I have a red/yellowfoot cross. I know that most hybrids are sterile, but from what Ive been reading there is a possibility they will be fertile because they are so closely related. I keep her with my breeding group of RF. she is 6 years and for the first time my males are interested in her. they never showed her any interest before. Im curious if anyone has any experience with crosses and what the general consensus is on the subject of breeding her with RF if she is fertile.


----------



## Redfoot NERD (Mar 16, 2014)

Good question! Time will tell.. maybe someone has reasonable evidence to answer that!

We [ I personally ] definately know that those North of the Amazon can breed with those South - Brazil. 

A friend has one of the '05's from my Northern group that bred with his Brazilian male and we are raising up a few of those hatchlings to test what you are asking about... it will be at least 5-6 years of course.

( I believe the Northern and Brazilian [ South of the Amazon where the flora is considerably different than North ] should be classified as sub-species as well - but that's another topic altogether. )

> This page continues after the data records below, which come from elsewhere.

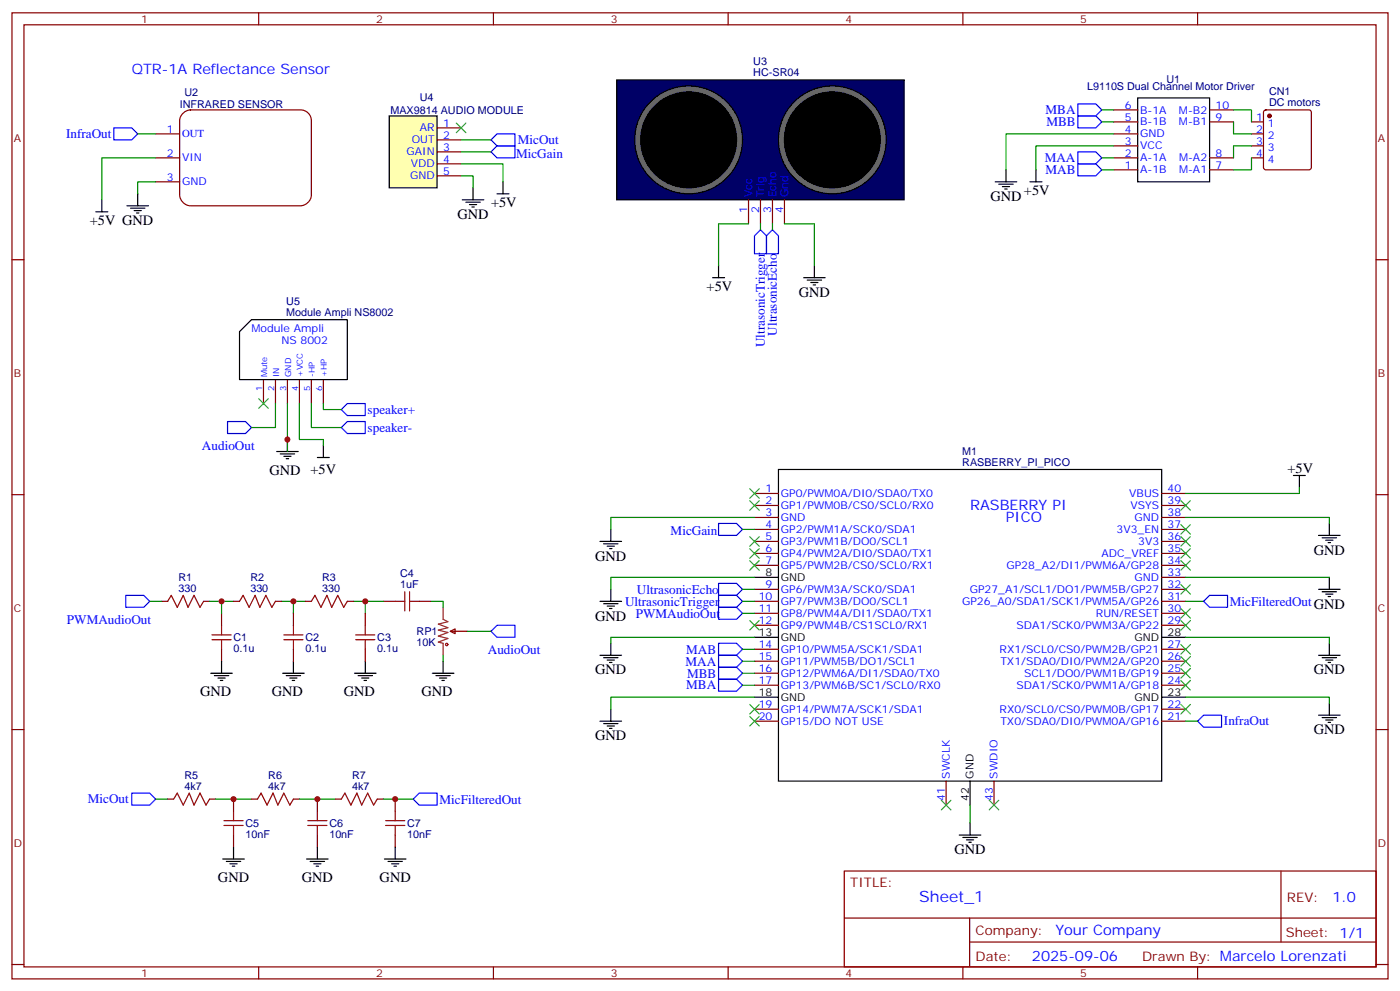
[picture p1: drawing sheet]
<svg xmlns="http://www.w3.org/2000/svg" width="412mm" height="292mm" viewBox="0 0 412 292" stroke-linecap="round" stroke-linejoin="round" font-family="sans-serif">
<g fill="none" stroke="#870000" stroke-width=".35">
<path d="M3.5 3.8h405.4v284.3h-405.4zM7.1 7.3h398.2v277.3h-398.2zM76.2 3.8v3.5M145.3 3.8v3.5M214.5 3.8v3.5M283.6 3.8v3.5M352.8 3.8v3.5M328.1 39.4h7M328.1 35.9h7M328.1 32.3h7M356.3 35.9h7.1M356.3 32.3h7.1"/>
<path d="M328.1 50h7M328.1 46.5h7M328.1 42.9h7M356.3 50h7.1M356.3 46.5h7.1M3.5 76.4h3.6M405.3 76.4h3.6M3.5 145.6h3.6M222.2 145.2h7.1M222.2 148.8h7.1M222.2 152.3h7.1M222.2 155.8h7.1"/>
<path d="M222.2 159.3h7.1M342.2 145.2h7M342.2 148.8h7M342.2 152.3h7M342.2 155.8h7M342.2 159.3h7M405.3 145.6h3.6M222.2 162.9h7.1M222.2 166.4h7.1M222.2 173.5h7.1M222.2 177h7.1M342.2 162.9h7"/>
<path d="M342.2 166.4h7M342.2 173.5h7M342.2 177h7M342.2 169.9h7M222.2 180.5h7.1M222.2 184h7.1M222.2 191.1h7.1M222.2 194.6h7.1M222.2 198.2h7.1M342.2 180.5h7M342.2 184h7M342.2 191.1h7"/>
<path d="M342.2 194.6h7M342.2 198.2h7M3.5 214.7h3.6M222.2 201.7h7.1M222.2 208.7h7.1M222.2 212.3h7.1M342.2 201.7h7M342.2 208.7h7M342.2 212.3h7M405.3 214.7h3.6M278.7 229.9v7.1M292.8 229.9v7.1"/>
<path d="M248.7 256.4h156.6v28.2h-156.6zM377.3 256.4v20.9M248.7 270.2h156.5M285.6 277.3h119.6M285.6 270.2v14.1M3.5 283.9h3.6M76.2 284.6v3.5M145.3 284.6v3.5M214.5 284.6v3.5M283.6 284.6v3.5M352.8 284.6v3.5M405.3 283.9h3.6"/>
</g>
<g fill="none" stroke="#000" stroke-width=".35">
<path d="M335.1 28.8h21.2v24.7h-21.2zM293.2 53.5h6.3M294.2 54.2h4.2M295.3 54.9h2.1M296 55.6h.7M296.3 50v3.5M303.4 53.5h3.5M305.2 50v3.5M229.3 138.2h112.9v91.7h-112.9zM381 139.9h3.5M382.8 139.9v3.6M176.7 159.3h6.4"/>
<path d="M179.9 155.8v3.5M388.4 157.6h6.4M389.5 158.3h4.2M390.5 159h2.1M391.2 159.7h.7M391.6 154.1v3.5M176.7 177h6.4M177.8 177.7h4.2M177.8 160.1h4.2M178.9 178.4h2.1M178.9 160.8h2.1M179.6 179.1h.7"/>
<path d="M179.6 161.5h.7M179.9 173.5v3.5M222.2 169.9h7.1M388.4 173.5h6.4M389.5 174.2h4.2M390.5 174.9h2.1M391.2 175.6h.7M391.6 169.9v3.6M176.7 192.9h6.4M177.8 193.6h4.2M178.9 194.3h2.1M179.6 195h.7"/>
<path d="M179.9 189.3v3.6M222.2 187.6h7.1M342.2 187.6h7M388.4 192.9h6.4M389.5 193.6h4.2M390.5 194.3h2.1M391.2 195h.7M391.6 189.3v3.6M176.7 212.3h6.4M177.8 213h4.2M178.9 213.7h2.1M179.6 214.4h.7"/>
<path d="M179.9 208.7v3.6M222.2 205.2h7.1M342.2 205.2h7M388.4 210.5h6.4M389.5 211.2h4.2M390.5 211.9h2.1M391.2 212.6h.7M391.6 207v3.5M285.8 229.9v7.1M282.6 245.8h6.3M283.6 246.5h4.3M284.7 247.2h2.1"/>
<path d="M285.4 247.9h.7M285.8 242.3v3.5"/>
</g>
<path d="M328.1 39.4h-31.8v10.6M328.1 42.9h-22.9v7.1M222.2 152.3h-42.3v3.5M349.2 152.3h42.4v1.8M222.2 169.9h-42.3v3.6M349.2 169.9h42.4M222.2 187.6h-42.3v1.7M349.2 187.6h42.4v1.7M222.2 205.2h-42.3v3.5M349.2 205.2h42.4v1.8M285.8 237v5.3" fill="none" stroke="#008700" stroke-width=".35"/>
<path d="M53.7 33.5a3.4 3.4 0 0 1 2.4-1.2h32.4a3.2 3.2 0 0 1 3.2 3.2v21.9a3.4 3.4 0 0 1-3.2 3.2h-32.4a3.4 3.4 0 0 1-3.2-3.2v-21.9l.1-.7z" fill="#fff" stroke="#870000" stroke-width=".35"/>
<path d="M45.9 39.4h7M45.9 46.5h7M45.9 53.5h7" fill="none" stroke="#870000" stroke-width=".35"/>
<path d="M181.7 23.5h84.6v35.3h-84.6z" fill="#006" stroke="#000" stroke-width=".35"/>
<circle cx="202.8" cy="41.2" r="15.9" fill="#666" stroke="#000" stroke-width=".35"/>
<path d="M220.5 58.8v7.1M224 58.8v7.1M227.5 58.8v7.1M231.1 58.8v7.1" fill="none" stroke="#870000" stroke-width=".35"/>
<circle cx="245.2" cy="41.2" r="15.9" fill="#666" stroke="#000" stroke-width=".35"/>
<g fill="#000" stroke="#000" stroke-width=".35">
<circle cx="202.8" cy="41.2" r="14.1"/>
<circle cx="245.2" cy="41.2" r="14.1"/>
</g>
<path d="M114.7 34.1h14.1v21.2h-14.1z" fill="#ffffb0" stroke="#000" stroke-width=".35"/>
<g fill="none" stroke="#870000" stroke-width=".35">
<path d="M128.8 37.6h7M368.7 35.9h3.5M368.7 39.4h3.5M372.4 32.6l.5-.3h12.7l.5 .3 .2 .5v16.2l-.2 .5-.5 .2h-12.7l-.5-.2-.2-.5v-16.2zM128.8 51.8h7M128.8 48.2h7M128.8 44.7h7M128.8 41.2h7M368.7 42.9h3.5M368.7 46.5h3.5M77.6 111.7v7.1M81.1 111.7v7.1"/>
<path d="M84.7 111.7v7.1M88.2 111.7v7.1M91.7 111.7v7.1M95.2 111.7v7.1M47.6 177h1.8M60 177h1.7M68.8 177h1.8M81.1 177h1.8M90 177h1.7M102.3 177h1.8M112.9 177h3.5M123.5 177h3.5"/>
<path d="M65.3 180.5v3.5M65.3 191.1v3.5M86.4 180.5v3.5M86.4 191.1v3.5M107.6 180.5v3.5M107.6 191.1v3.5M132.6 185.8l1.5-.7v1.4zM132.6 185.8h5M49.4 235.2h1.8M61.7 235.2h1.8M68.8 235.2v3.5M74.1 235.2h1.7"/>
<path d="M86.4 235.2h1.8M93.5 235.2v3.5M98.8 235.2h1.7M111.1 235.2h1.8M116.4 235.2v3.5M68.8 245.8v3.5M93.5 245.8v3.5M116.4 245.8v3.5"/>
</g>
<g fill="none" stroke="#000" stroke-width=".35">
<path d="M30 58.8v3.5M40.6 57v3.6M136.2 58.8h6.3M137.2 59.5h4.3M139.3 55.3v3.5M146.4 57h3.5M148.2 53.5v3.5M28.2 62.3h3.5M37.4 60.6h6.3M38.5 61.3h4.2M39.5 62h2.1M40.2 62.7h.7"/>
<path d="M138.3 60.2h2.1M139 60.9h.7M211.7 78.2v3.5M239.9 78.2v3.5M74.1 94.1h28.2v17.6h-31.7v-14.1zM209.9 81.7h3.5M236.7 81.7h6.4M237.8 82.4h4.2M238.8 83.1h2.1M239.5 83.9h.7M81.5 132.9h6.3M82.5 133.6h4.3"/>
<path d="M83.6 134.3h2.1M84.3 135h.7M84.7 129.4v3.5M93.5 134.7h3.5M95.2 131.1v3.6M62.1 198.2h6.3M63.1 198.9h4.3M64.2 199.6h2.1M65.3 194.6v3.6M83.3 198.2h6.3M84.3 198.9h4.2M85.4 199.6h2.1"/>
<path d="M86.4 194.6v3.6M104.4 198.2h6.4M105.5 198.9h4.2M106.5 199.6h2.2M107.6 194.6v3.6M127.4 198.2h6.3M128.4 198.9h4.2M129.5 199.6h2.1M130.5 194.6v3.6M64.9 200.3h.7M86.1 200.3h.7M107.2 200.3h.7"/>
<path d="M130.2 200.3h.7M65.6 252.8h6.4M66.7 253.5h4.2M67.7 254.2h2.1M68.4 255h.7M68.8 249.3v3.5M90.3 252.8h6.4M91.4 253.5h4.2M92.4 254.2h2.1M93.1 255h.7M93.5 249.3v3.5M113.2 252.8h6.4"/>
<path d="M114.3 253.5h4.2M115.4 254.2h2.1M116.1 255h.7M116.4 249.3v3.5"/>
</g>
<g fill="none" stroke="#008700" stroke-width=".35">
<path d="M40.6 39.4h5.3M324.6 35.9h3.5M324.6 32.3h3.5M363.4 32.3h5.3v3.6M363.4 35.9v3.5h5.3M45.9 53.5h-5.3v3.5M45.9 46.5h-15.9v12.3M135.8 51.8h3.5v3.5M135.8 48.2h12.4v5.3M135.8 41.2h8.8M135.8 44.7h8.8M324.6 46.5h3.5"/>
<path d="M324.6 50h3.5M368.7 42.9h-5.3v3.6M368.7 46.5v3.5h-5.3M220.5 65.9h-8.8v12.3M224 65.9v1.7M227.5 65.9v1.7M231.1 65.9h8.8v12.3M81.1 118.8v7h-7M84.7 118.8v14.1M88.2 118.8v10.6h7v1.7M91.7 118.8v7h8.8M95.2 118.8v1.7h5.3"/>
<path d="M218.7 155.8h3.5M382.8 143.5v1.7h-33.6M44.1 177h3.5M61.7 177h3.6v3.5M65.3 177h3.5M82.9 177h3.5v3.5M86.4 177h3.6M104.1 177h3.5v3.5M107.6 177h5.3M127 177h3.5v1.8M218.7 177h3.5M218.7 173.5h3.5"/>
<path d="M349.2 177h5.3M130.5 192.9v1.7M137.6 185.8h7M218.7 198.2h3.5M218.7 194.6h3.5M218.7 191.1h3.5M218.7 180.5h3.5M218.7 201.7h3.5M349.2 212.3h3.6M45.9 235.2h3.5M63.5 235.2h10.6M88.2 235.2h10.6"/>
<path d="M112.9 235.2h8.8"/>
</g>
<g fill="none" stroke="#00f" stroke-width=".35">
<path d="M33.5 37.6h5.3l1.8 1.8-1.8 1.8h-5.3zM146.4 39.4h5.3v3.5h-5.3l-1.8-1.7zM317.5 30.6h5.3l1.8 1.7-1.8 1.8h-5.3zM317.5 34.1h5.3l1.8 1.8-1.8 1.7h-5.3zM146.4 42.9h5.3v3.6h-5.3l-1.8-1.8zM317.5 44.7h5.3l1.8 1.8-1.8 1.7h-5.3zM317.5 48.2h5.3l1.8 1.8-1.8 1.8h-5.3zM224 67.6l1.8 1.8v5.3h-3.6v-5.3zM227.5 67.6l1.8 1.8v5.3h-3.5v-5.3zM102.3 118.8h5.3v3.5h-5.3l-1.8-1.8zM67 124.1h5.3l1.8 1.7-1.8 1.8h-5.3zM102.3 124.1h5.3v3.5h-5.3l-1.8-1.8z"/>
<path d="M211.7 154.1h5.3l1.7 1.7-1.7 1.8h-5.3zM37 175.2h5.3l1.8 1.8-1.8 1.8h-5.3zM211.7 171.7h5.3l1.7 1.8-1.7 1.7h-5.3zM211.7 175.2h5.3l1.7 1.8-1.7 1.8h-5.3zM211.7 178.8h5.3l1.7 1.7-1.7 1.8h-5.3zM354.5 177l1.8-1.8h5.3v3.6h-5.3zM144.6 185.8l1.8-1.8h5.3v3.6h-5.3zM211.7 199.9h5.3l1.7 1.8-1.7 1.7h-5.3zM211.7 196.4h5.3l1.7 1.8-1.7 1.7h-5.3zM211.7 192.9h5.3l1.7 1.7-1.7 1.8h-5.3zM211.7 189.3h5.3l1.7 1.8-1.7 1.8h-5.3zM354.5 210.5h5.3v3.5h-5.3l-1.7-1.7z"/>
<path d="M38.8 233.4h5.3l1.8 1.8-1.8 1.8h-5.3zM121.7 235.2l1.8-1.8h5.3v3.6h-5.3z"/>
</g>
<g fill="none" stroke="#3c3" stroke-width=".35">
<path d="M134.4 36.2l2.8 2.9M137.2 36.2l-2.8 2.9M76.2 117.4l2.8 2.8M79 117.4l-2.8 2.8M220.8 157.9l2.9 2.9M220.8 147.4l2.9 2.8M220.8 143.8l2.9 2.8M223.7 157.9l-2.9 2.9M223.7 147.4l-2.9 2.8M223.7 143.8l-2.9 2.8M347.8 157.9l2.9 2.9M347.8 154.4l2.9 2.8"/>
<path d="M347.8 147.4l2.9 2.8M350.7 157.9l-2.9 2.9M350.7 154.4l-2.9 2.8M350.7 147.4l-2.9 2.8M220.8 165l2.9 2.8M220.8 161.5l2.9 2.8M223.7 165l-2.9 2.8M223.7 161.5l-2.9 2.8M347.8 179.1l2.9 2.8M347.8 172l2.9 2.9M347.8 165l2.9 2.8M347.8 161.5l2.9 2.8"/>
<path d="M350.7 179.1l-2.9 2.8M350.7 172l-2.9 2.9M350.7 165l-2.9 2.8M350.7 161.5l-2.9 2.8M220.8 182.6l2.9 2.9M223.7 182.6l-2.9 2.9M347.8 196.7l2.9 2.9M347.8 193.2l2.9 2.8M347.8 189.7l2.9 2.8M347.8 182.6l2.9 2.9M350.7 196.7l-2.9 2.9M350.7 193.2l-2.9 2.8"/>
<path d="M350.7 189.7l-2.9 2.8M350.7 182.6l-2.9 2.9M220.8 210.9l2.9 2.8M220.8 207.3l2.9 2.8M223.7 210.9l-2.9 2.8M223.7 207.3l-2.9 2.8M347.8 207.3l2.9 2.8M347.8 200.3l2.9 2.8M350.7 207.3l-2.9 2.8M350.7 200.3l-2.9 2.8M277.3 235.5l2.8 2.9M280.1 235.5l-2.8 2.9"/>
<path d="M291.4 235.5l2.8 2.9M294.2 235.5l-2.8 2.9"/>
</g>
<g fill="none" stroke="#a10000" stroke-width=".35">
<path d="M49.4 177l1-1.8 1.8 3.6 1.8-3.6 1.4 3.6 1.7-3.6 1.8 3.6 1.1-1.8M70.6 177l1-1.8 1.8 3.6 1.7-3.6 1.5 3.6 1.7-3.6 1.8 3.6 1-1.8M91.7 177l1.1-1.8 1.7 3.6 1.8-3.6 1.4 3.6 1.8-3.6 1.7 3.6 1.1-1.8M116.4 177h2.8M119.2 174.2v5.6M120.6 177h2.9M120.6 174.2v5.6M62.4 188.3h5.7M62.4 186.9h5.7M65.3 184v2.9M65.3 188.3v2.8M83.6 188.3h5.7"/>
<path d="M83.6 186.9h5.7M86.4 184v2.9M86.4 188.3v2.8M104.8 188.3h5.6M104.8 186.9h5.6M107.6 184v2.9M107.6 188.3v2.8M51.2 235.2l1-1.8 1.8 3.6 1.7-3.6 1.4 3.6 1.8-3.6 1.8 3.6 1-1.8M68.8 238.7v2.8M75.8 235.2l1.1-1.8 1.8 3.6 1.7-3.6 1.4 3.6 1.8-3.6 1.8 3.6 1-1.8M93.5 238.7v2.8M100.5 235.2l1.1-1.8 1.8 3.6 1.7-3.6 1.4 3.6 1.8-3.6 1.8 3.6 1-1.8"/>
<path d="M116.4 238.7v2.8M66 243h5.6M66 241.5h5.6M68.8 243v2.8M90.7 243h5.6M90.7 241.5h5.6M93.5 243v2.8M113.6 243h5.6M113.6 241.5h5.6M116.4 243v2.8"/>
<circle cx="131.6" cy="189.7" r=".35"/>
</g>
<path d="M130.5 178.8v3.5l1.4 .7-2.8 .7 2.8 1-2.8 .8 2.8 .7-2.8 1 2.8 .7-2.8 1.1 1.4 .3v3.6" fill="none" stroke="#8c2424" stroke-width=".35"/>
<circle cx="373.9" cy="34.1" r=".53" fill="#870000" stroke="#870000" stroke-width=".35"/>
<g fill="#c00">
<circle cx="65.3" cy="177" r=".88"/>
<circle cx="86.4" cy="177" r=".88"/>
<circle cx="107.6" cy="177" r=".88"/>
<circle cx="84.7" cy="129.4" r=".88"/>
<circle cx="68.8" cy="235.2" r=".88"/>
<circle cx="116.4" cy="235.2" r=".88"/>
<circle cx="93.5" cy="235.2" r=".88"/>
</g>
<text font-size="4.6" fill="#00f" x="270.8" y="265.4">Sheet_1</text>
<g font-size="4.2" fill="#00f">
<text x="38.8" y="21.8">QTR-1A Reflectance Sensor</text>
<text x="285.8" y="150.1">RASBERRY PI</text>
<text x="296.3" y="153.6">PICO</text>
<text x="392.5" y="265.6">1.0</text>
<text x="310.9" y="275.2">Your Company</text>
<text x="304" y="283">2025-09-06</text>
</g>
<g font-size="4.2">
<text x="291.7" y="59.2">GND</text>
<text x="301.6" y="57.4">+5V</text>
<text x="134.8" y="64.5">GND</text>
<text x="144.6" y="60.9">+5V</text>
<text x="26.5" y="66.2">+5V GND</text>
<text x="208.1" y="85.6">+5V</text>
<text x="235.3" y="87.4">GND</text>
<text x="79.4" y="139.9">GND +5V</text>
<text x="379.2" y="139.2">+5V</text>
<text x="175.3" y="165">GND</text>
<text x="387" y="163.2">GND</text>
<text x="175.3" y="182.6">GND</text>
<text x="175.3" y="198.5">GND</text>
<text x="387" y="198.5">GND</text>
<text x="58.9" y="204.9">GND</text>
<text x="80.1" y="204.9">GND</text>
<text x="101.2" y="204.9">GND</text>
<text x="124.2" y="204.9">GND</text>
<text x="175.3" y="217.9">GND</text>
<text x="387" y="216.1">GND</text>
<text x="281.2" y="251.4">GND</text>
<text x="64.2" y="259.5">GND</text>
<text x="88.9" y="259.5">GND</text>
<text x="111.8" y="259.5">GND</text>
</g>
<g font-size="3.9" fill="#00f">
<text x="308" y="33.6">MBA</text>
<text x="19.5" y="40.7">InfraOut</text>
<text x="308.2" y="37.2">MBB</text>
<text x="152" y="46.5">MicGain</text>
<text x="152.5" y="42.4">MicOut</text>
<text x="307.8" y="47.7">MAA</text>
<text x="308" y="51.3">MAB</text>
<text x="228.8" y="98.8" transform="rotate(-90 228.8 98.8)">UltrasonicEcho</text>
<text x="225.3" y="102.2" transform="rotate(-90 225.3 102.2)">UltrasonicTrigger</text>
<text x="108.3" y="121.8">speaker+</text>
<text x="108.3" y="127.1">speaker-</text>
<text x="59.5" y="132.4">AudioOut</text>
<text x="197.6" y="157.6">MicGain</text>
<text x="184.1" y="178.2">UltrasonicTrigger</text>
<text x="187.6" y="174.7">UltrasonicEcho</text>
<text x="362.3" y="178.3">MicFilteredOutGND</text>
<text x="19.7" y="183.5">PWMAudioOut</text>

They made pretty babies in early '13 - as hatchlings..









May we see yours?


----------



## Irwin4530 (Mar 16, 2014)

I saw some Tortoises on Kingsnake classified that were listed as Redfoot yellow foot crosses.... I also thought they did not crossbreed, but don't know whether or not they actually CAN...... I do know he was asking between three and $400 hatchling!!!!!!!


----------



## 4theloveofchelonians (Mar 16, 2014)

thous little ones are beautiful. Ill try and get some pictures of her on here soon. she is a nice orange and her shell looks more like her, redfoot, fathers. what is your opinion on trying to breed her? if I do breed her Ill keep and up date on here. Im interested to see what happens.


----------



## emysbreeder (Apr 13, 2014)

Terry, Dr.Sam down in S. Fl. of " Tortoise and Iguana Breeders" knows the most about this. He's got one on Kingsnake now . Its still very rare in captivity and little to no proof of fact. Anyway I think he owns farms in the USA and S.A. I'd rather have one of yours any day! SCREEMERS indeed. I'm hatching some Brazilian X Isl. Cherry Heads today. Vic Morgan....yep its not all Mt.Torts here, just 99%


----------



## ALDABRAMAN (Apr 14, 2014)

*Yes, Sam has produced some!*

*

*


----------